■ What to work on:
Copy out each line featuring the string "fill" from the entries beneath.
___ Supplied data ___
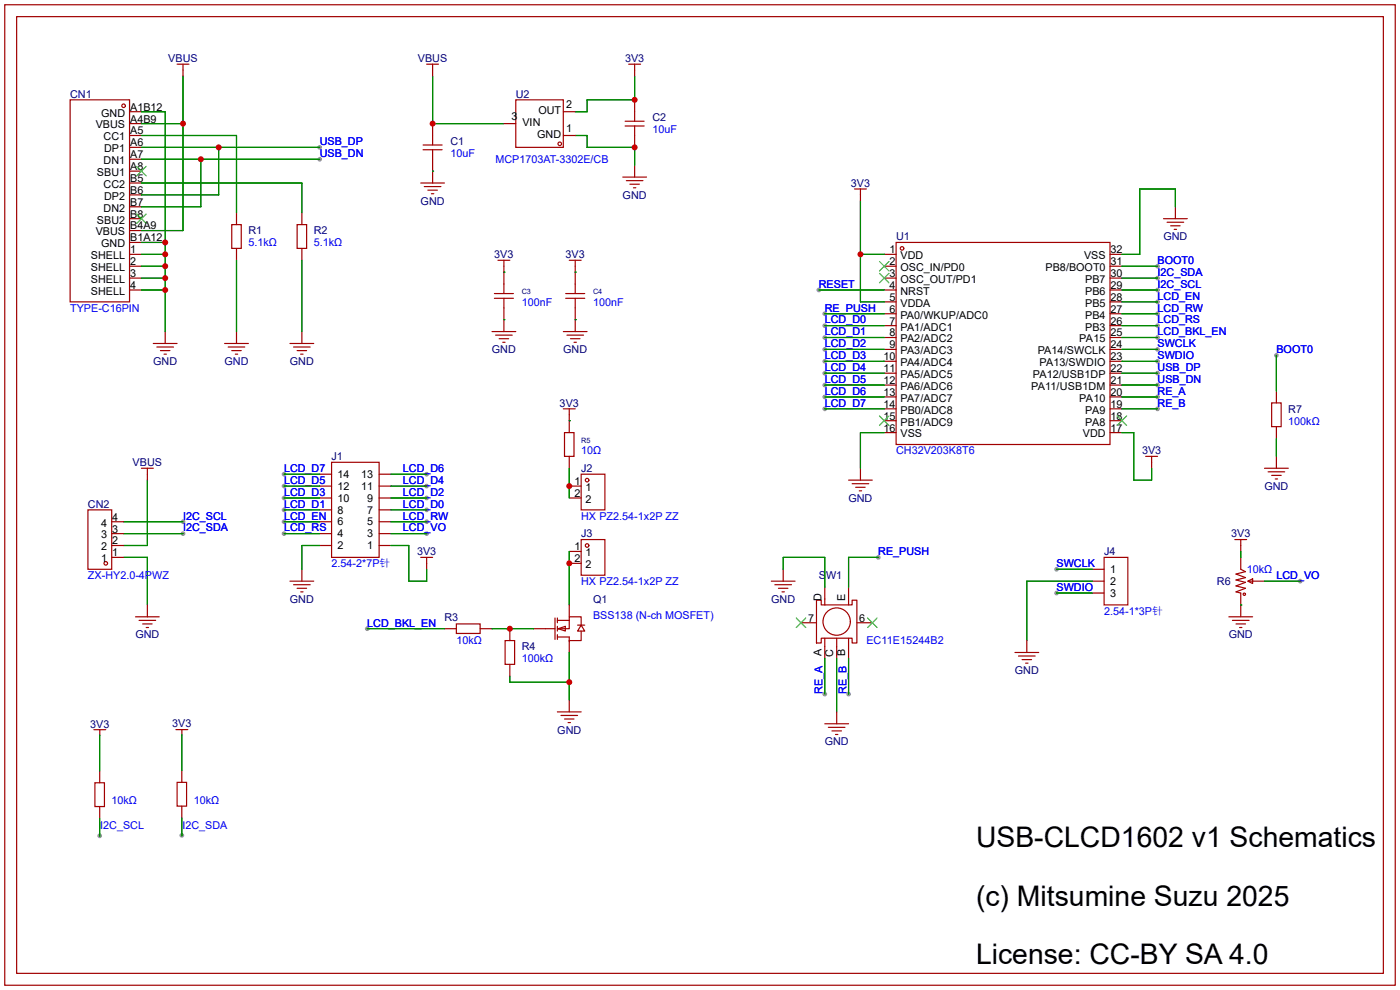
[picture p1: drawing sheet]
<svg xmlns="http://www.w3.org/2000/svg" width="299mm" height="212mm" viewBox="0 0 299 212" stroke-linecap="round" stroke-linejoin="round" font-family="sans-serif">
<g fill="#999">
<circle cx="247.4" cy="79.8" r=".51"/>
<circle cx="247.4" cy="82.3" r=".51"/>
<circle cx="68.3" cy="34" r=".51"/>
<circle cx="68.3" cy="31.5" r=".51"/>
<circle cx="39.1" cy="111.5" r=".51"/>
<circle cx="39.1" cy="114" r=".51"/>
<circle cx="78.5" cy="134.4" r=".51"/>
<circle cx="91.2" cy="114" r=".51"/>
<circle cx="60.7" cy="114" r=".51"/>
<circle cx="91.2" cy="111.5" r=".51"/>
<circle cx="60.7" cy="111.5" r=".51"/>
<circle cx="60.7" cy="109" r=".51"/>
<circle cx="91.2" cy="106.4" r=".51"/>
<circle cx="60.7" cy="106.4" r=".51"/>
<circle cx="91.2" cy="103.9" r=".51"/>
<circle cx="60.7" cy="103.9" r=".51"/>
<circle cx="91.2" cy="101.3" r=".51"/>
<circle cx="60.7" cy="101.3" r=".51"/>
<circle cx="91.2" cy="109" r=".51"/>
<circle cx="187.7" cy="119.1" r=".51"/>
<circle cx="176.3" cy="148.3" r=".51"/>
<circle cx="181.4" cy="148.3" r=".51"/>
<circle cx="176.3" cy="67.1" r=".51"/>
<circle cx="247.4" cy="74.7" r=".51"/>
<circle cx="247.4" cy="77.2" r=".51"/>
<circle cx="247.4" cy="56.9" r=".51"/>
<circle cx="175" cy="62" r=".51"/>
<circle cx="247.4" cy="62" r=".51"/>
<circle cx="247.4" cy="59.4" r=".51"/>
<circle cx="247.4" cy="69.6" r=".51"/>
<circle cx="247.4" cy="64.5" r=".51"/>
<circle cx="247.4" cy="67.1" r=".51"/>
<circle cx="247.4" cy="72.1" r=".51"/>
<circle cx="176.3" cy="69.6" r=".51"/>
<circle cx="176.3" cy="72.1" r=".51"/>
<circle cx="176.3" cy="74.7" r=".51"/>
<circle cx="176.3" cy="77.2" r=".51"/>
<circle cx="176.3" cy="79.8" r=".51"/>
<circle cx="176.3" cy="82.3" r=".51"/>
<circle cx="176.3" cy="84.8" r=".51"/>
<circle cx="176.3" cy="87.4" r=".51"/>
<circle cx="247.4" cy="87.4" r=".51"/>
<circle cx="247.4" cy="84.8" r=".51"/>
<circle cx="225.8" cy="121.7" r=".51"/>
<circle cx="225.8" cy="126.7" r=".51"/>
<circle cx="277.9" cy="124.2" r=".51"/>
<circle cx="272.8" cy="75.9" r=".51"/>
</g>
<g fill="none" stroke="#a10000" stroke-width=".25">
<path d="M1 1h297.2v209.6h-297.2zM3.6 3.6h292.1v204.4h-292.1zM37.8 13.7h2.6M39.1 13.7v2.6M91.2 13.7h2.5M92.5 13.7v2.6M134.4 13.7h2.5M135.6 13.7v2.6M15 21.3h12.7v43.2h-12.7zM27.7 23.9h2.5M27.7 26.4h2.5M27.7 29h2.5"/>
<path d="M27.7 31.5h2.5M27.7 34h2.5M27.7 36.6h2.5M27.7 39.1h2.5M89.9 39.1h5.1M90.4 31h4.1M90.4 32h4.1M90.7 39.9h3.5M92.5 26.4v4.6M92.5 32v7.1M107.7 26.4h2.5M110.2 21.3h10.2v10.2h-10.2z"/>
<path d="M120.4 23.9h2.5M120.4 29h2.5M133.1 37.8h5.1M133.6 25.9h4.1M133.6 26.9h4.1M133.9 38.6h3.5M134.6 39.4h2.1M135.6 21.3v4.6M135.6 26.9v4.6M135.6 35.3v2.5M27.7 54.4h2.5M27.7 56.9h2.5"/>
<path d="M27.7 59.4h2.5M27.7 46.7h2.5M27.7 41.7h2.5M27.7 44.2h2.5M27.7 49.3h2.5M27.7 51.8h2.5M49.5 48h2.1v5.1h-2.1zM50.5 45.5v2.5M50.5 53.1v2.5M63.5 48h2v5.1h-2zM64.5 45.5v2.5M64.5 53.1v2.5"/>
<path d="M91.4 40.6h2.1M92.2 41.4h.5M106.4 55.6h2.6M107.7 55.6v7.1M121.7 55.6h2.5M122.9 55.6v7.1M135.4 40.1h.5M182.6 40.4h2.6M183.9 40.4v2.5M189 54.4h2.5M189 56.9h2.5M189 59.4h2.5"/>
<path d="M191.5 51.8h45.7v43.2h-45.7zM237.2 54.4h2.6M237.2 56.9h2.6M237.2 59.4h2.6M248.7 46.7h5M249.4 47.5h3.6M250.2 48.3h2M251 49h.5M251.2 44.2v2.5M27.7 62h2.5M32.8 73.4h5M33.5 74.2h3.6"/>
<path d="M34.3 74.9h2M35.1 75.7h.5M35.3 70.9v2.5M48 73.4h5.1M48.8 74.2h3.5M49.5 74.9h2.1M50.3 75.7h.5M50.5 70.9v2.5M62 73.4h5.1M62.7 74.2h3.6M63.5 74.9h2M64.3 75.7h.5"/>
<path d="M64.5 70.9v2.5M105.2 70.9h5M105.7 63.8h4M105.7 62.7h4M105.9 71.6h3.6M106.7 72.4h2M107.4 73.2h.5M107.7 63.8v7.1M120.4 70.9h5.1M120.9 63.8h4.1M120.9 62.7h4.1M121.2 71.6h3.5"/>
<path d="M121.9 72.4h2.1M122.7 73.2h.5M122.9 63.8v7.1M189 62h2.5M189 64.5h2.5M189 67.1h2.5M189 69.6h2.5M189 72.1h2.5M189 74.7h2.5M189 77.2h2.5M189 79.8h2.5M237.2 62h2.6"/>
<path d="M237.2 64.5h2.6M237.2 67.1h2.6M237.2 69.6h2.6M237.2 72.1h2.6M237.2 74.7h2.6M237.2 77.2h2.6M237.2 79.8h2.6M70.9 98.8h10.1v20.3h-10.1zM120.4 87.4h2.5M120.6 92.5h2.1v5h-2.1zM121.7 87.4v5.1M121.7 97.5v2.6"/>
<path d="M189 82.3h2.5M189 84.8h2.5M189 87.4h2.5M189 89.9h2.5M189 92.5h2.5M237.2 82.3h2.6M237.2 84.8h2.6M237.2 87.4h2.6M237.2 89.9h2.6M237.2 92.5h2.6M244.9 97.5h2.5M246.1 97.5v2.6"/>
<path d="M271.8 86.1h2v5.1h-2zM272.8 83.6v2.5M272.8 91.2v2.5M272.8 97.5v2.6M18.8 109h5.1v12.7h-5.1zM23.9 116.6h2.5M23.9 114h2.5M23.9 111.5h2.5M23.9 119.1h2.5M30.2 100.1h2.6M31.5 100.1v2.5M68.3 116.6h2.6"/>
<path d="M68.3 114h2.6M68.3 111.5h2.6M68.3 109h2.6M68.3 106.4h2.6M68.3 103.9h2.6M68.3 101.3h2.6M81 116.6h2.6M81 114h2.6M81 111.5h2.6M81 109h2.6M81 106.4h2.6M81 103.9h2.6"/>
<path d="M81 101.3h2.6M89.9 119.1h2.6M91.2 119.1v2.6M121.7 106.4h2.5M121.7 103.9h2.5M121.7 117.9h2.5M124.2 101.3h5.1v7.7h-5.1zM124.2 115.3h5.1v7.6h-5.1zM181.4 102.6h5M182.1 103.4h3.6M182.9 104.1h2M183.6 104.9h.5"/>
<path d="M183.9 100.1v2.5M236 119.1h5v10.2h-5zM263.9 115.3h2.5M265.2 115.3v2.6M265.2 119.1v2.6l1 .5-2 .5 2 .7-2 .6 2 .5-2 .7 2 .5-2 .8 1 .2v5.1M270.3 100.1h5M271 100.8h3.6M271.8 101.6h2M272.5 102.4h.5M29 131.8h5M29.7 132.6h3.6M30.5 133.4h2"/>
___
■ Solution for this task:
<g fill="#999">
<g fill="none" stroke="#a10000" stroke-width=".25">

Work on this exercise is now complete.